In terms of the Act, the Sheriff must award sequestration if they are satisfied that the following conditions have been met:

  • if the debtor does not appear at the hearing, that the debtor was properly cited;
  • that the petition has been presented in accordance with the Act;
  • that the petitioner sent a copy of the petition to the Accountant in Bankruptcy on the day the petition is presented to the Court; and
  • that the requirements relating to the apparent insolvency of the debtor have been fulfilled.

The Sheriff will not award sequestration in circumstances where:

  • cause is shown why sequestration cannot be competently awarded (for example, because the court does not have jurisdiction);
  • the debtor pays, satisfies, or produces written evidence of the payment or satisfaction of the sums due to the petitioner (and to any creditor concurring in the petition);
  • the Sheriff is satisfied that the debtor will within 42 days pay or satisfy the debts due to the petitioner. In these circumstances the Sheriff may continue the petition for no more than 42 days; and
  • the Sheriff may also continue the petition if satisfied that the debtor has applied for a debt payment programme that has not yet been approved or rejected.

Format of the sequestration petition

The petition must be in Form 6.1-A as set out in Schedule 1 of the Act of Sederunt (Sheriff Court Bankruptcy Rules) 2016.

The petitioning creditor must also produce an oath in the prescribed form, together with an account or voucher evidencing the debt and such evidence as is available to the creditor to show the debtor’s apparent insolvency.

Furthermore, the petition may nominate a particular insolvency practitioner to be appointed as the trustee in the sequestration or, alternatively, The Accountant in Bankruptcy. Once appointed, the trustee will manage the sequestration process going forward.

How has Coronavirus (COVID-19) affected sequestrations?

Firstly, the Coronavirus (Scotland) Act 2020 extended the moratorium on diligence from six weeks to six months and temporarily removed the prohibition on a debtor applying for more than one moratorium in a 12-month period.

The Coronavirus (Scotland) (No 2) Act 2020 then temporarily increased the minimum debt level which a debtor must owe a creditor before being able to commence a petition for sequestration from £3,000 to £10,000.  This temporary increase in the debt threshold is currently due to come to an end on 31 March 2022.

However, the Scottish Government published a consultation paper (‘Covid Recovery: A consultation on public services, justice systems and other reforms’) in August 2021 which recognised that the protection afforded to debtors through the increased creditor petition threshold would very likely be required beyond March 2022.

The difficulty with the minimum debt level remaining at £10,000 is that it limits the number of options available to smaller creditors who have debts which amount to more than £3,000 but less than £10,000. In the past, it would often be enough for a creditor to threaten a sequestration petition in order to obtain payment. However, because of the measures currently in place, smaller creditors are having to rely entirely on other enforcement options which may not be as effective.

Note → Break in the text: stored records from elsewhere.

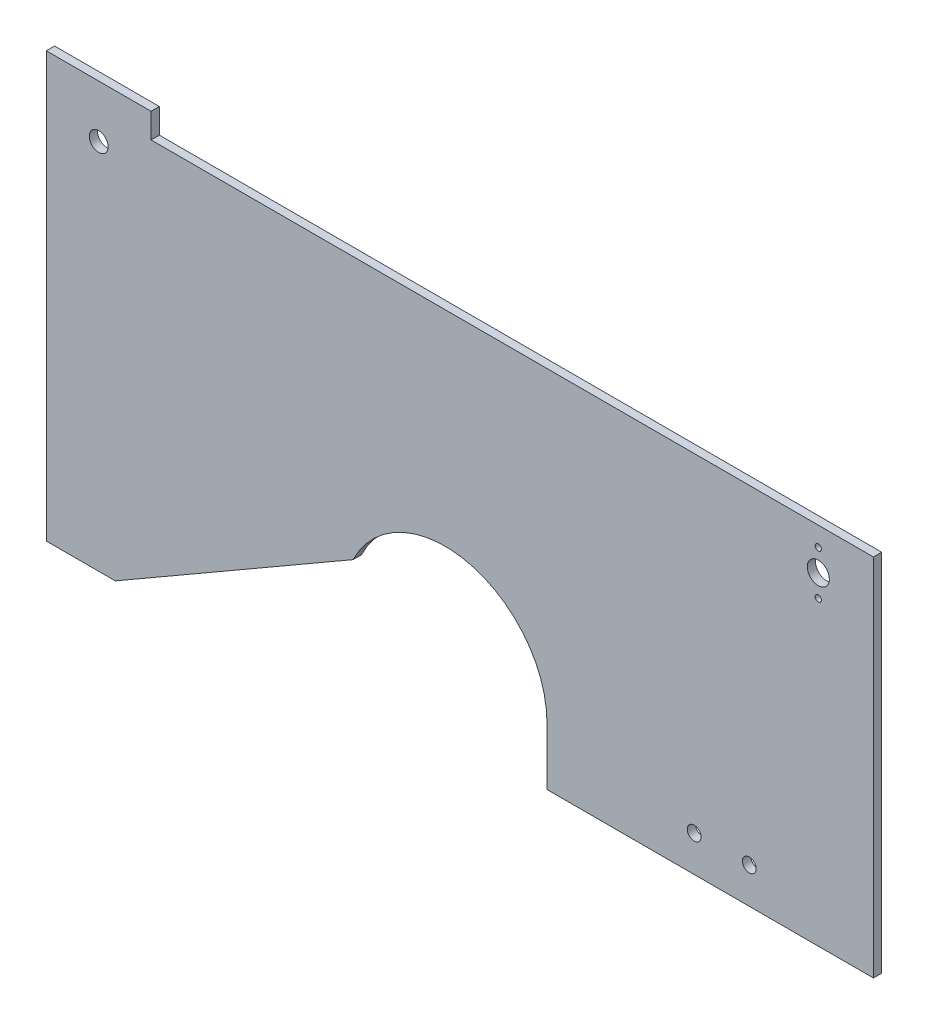
SolidWorks part; units mm, degrees
ref_plane "Front Plane" through (0, 0, 0) normal (0, 0, 1) x (1, 0, 0)
ref_plane "Top Plane" through (0, 0, 0) normal (0, 1, 0) x (1, 0, 0)
ref_plane "Right Plane" through (0, 0, 0) normal (1, 0, 0) x (0, 0, -1)
sketch "Sketch2" plane through (0, 0, 0) normal (0, 0, 1) x (1, 0, 0)
  line L0 (25.0304, 0) -> (111.2865, 49.8)
  line L1 (0, 0) -> (25.0304, 0)
  line L2 (0, 0) -> (0, 154)
  line L4 (300, 0) -> (300, 145)
  line L5 (181.6, 33.7) -> (181.6, 0)
  line L6 (181.6, 0) -> (300, 0)
  line L7 (19, 135) -> (19, 164.3674) construction
  line L11 (38, 145) -> (300, 145)
  line L12 (0, 154) -> (19, 154)
  line L13 (19, 154) -> (38, 154)
  line L14 (38, 154) -> (38, 145)
  line L15 (19, 135) -> (50019, 135) construction
  line L20 (19, 135) -> (19, -49865) construction
  circle A0 centre (19, 135) radius 3.425
  arc A1 (181.6, 33.7) -> (111.2865, 49.8) centre (144.6, 33.7) ccw
  point P19 (19, 154)
  dimension "D3" = 135
  dimension "D4" = 19
  dimension "D5" = 6.85
  dimension "D6" = 74
  dimension "D7" = 155.4
  dimension "D8" = 33.7
  dimension "D1" = 300
  dimension "D2" = 154
  dimension "D9" = 30
  dimension "D10" = 99.6
  dimension "D11" = 19
extrude "Boss-Extrude2" add sketch "Sketch2" along normal blind 3
sketch "Sketch3" plane through (0, 0, 3) normal (0, 0, 1) x (1, 0, 0)
  line L0 (300, 0) -> (300, 145) construction
  line L1 (181.6, 0) -> (300, 0)
  line L2 (181.6, 0) -> (181.6, 12.75)
  line L3 (181.6, 12.75) -> (300, 12.75)
  line L4 (300, 0) -> (300, 12.75)
  dimension "D1" = 12.75
extrude "Cut-Extrude1" cut sketch "Sketch3" against normal through all
sketch "Sketch4" plane through (0, 0, 3) normal (0, 0, 1) x (1, 0, 0)
  line L0 (19, 135) -> (19, -49865) construction
  line L1 (19, 135) -> (-49981, 135) construction
sketch "Sketch5" plane through (0, 0, 3) normal (0, 0, 1) x (1, 0, 0)
  line L0 (300, 12.75) -> (300, 145) construction
  line L1 (300, 12.75) -> (181.6, 12.75) construction
  line L2 (300, 145) -> (38, 145) construction
  circle A0 centre (254.98, 25.75) radius 2.5
  circle A1 centre (234.98, 25.75) radius 2.5
  circle A2 centre (280, 130) radius 4
  circle A3 centre (280, 138) radius 1.125
  circle A4 centre (280, 122) radius 1.125
  dimension "D1" = 5
  dimension "D2" = 45.02
  dimension "D3" = 13
  dimension "D4" = 5
  dimension "D5" = 20
  dimension "D6" = 13
  dimension "D9" = 8
  dimension "D10" = 2.25
  dimension "D11" = 8
  dimension "D12" = 20
  dimension "D13" = 8
  dimension "D14" = 20
  dimension "D15" = 2.25
  dimension "D7" = 20
  dimension "D8" = 15
extrude "Cut-Extrude2" cut sketch "Sketch5" against normal through all

The fact that the £10,000 threshold does frustrate smaller creditors and prevent them from initiating sequestration proceedings was recognised in the consultation paper, and as a result the Government sought views on the appropriate minimum debt threshold, and whether a figure of £5,000 would strike a more appropriate balance between the interests of debtors and creditors were an increase from £3,000 to be placed on a more permanent footing.  The consultation also sought views on the appropriate moratorium period going forward.


The court procedure in Scotland for sequestrating a debtor is generally an effective process, making it a popular option for many creditors. However, the temporary increase in the minimum debt level, coupled with increased use of the extended moratorium, has meant that the number of sequestration petitions has dramatically reduced during the pandemic as smaller creditors have been unable to make use of the process.

The consultation has now closed and we await the introduction of the Covid Recovery Bill to see whether the temporary COVID-19 measures currently in place become permanent or whether the minimum debt level will be reduced, allowing more creditors the option, once again, of petitioning for sequestration of a debtor’s estate.


This information is for general information purposes only and does not constitute legal advice. It is recommended that specific professional advice is sought before acting on any of the information given. Please contact us for specific advice on your circumstances. © Shoosmiths LLP 2024.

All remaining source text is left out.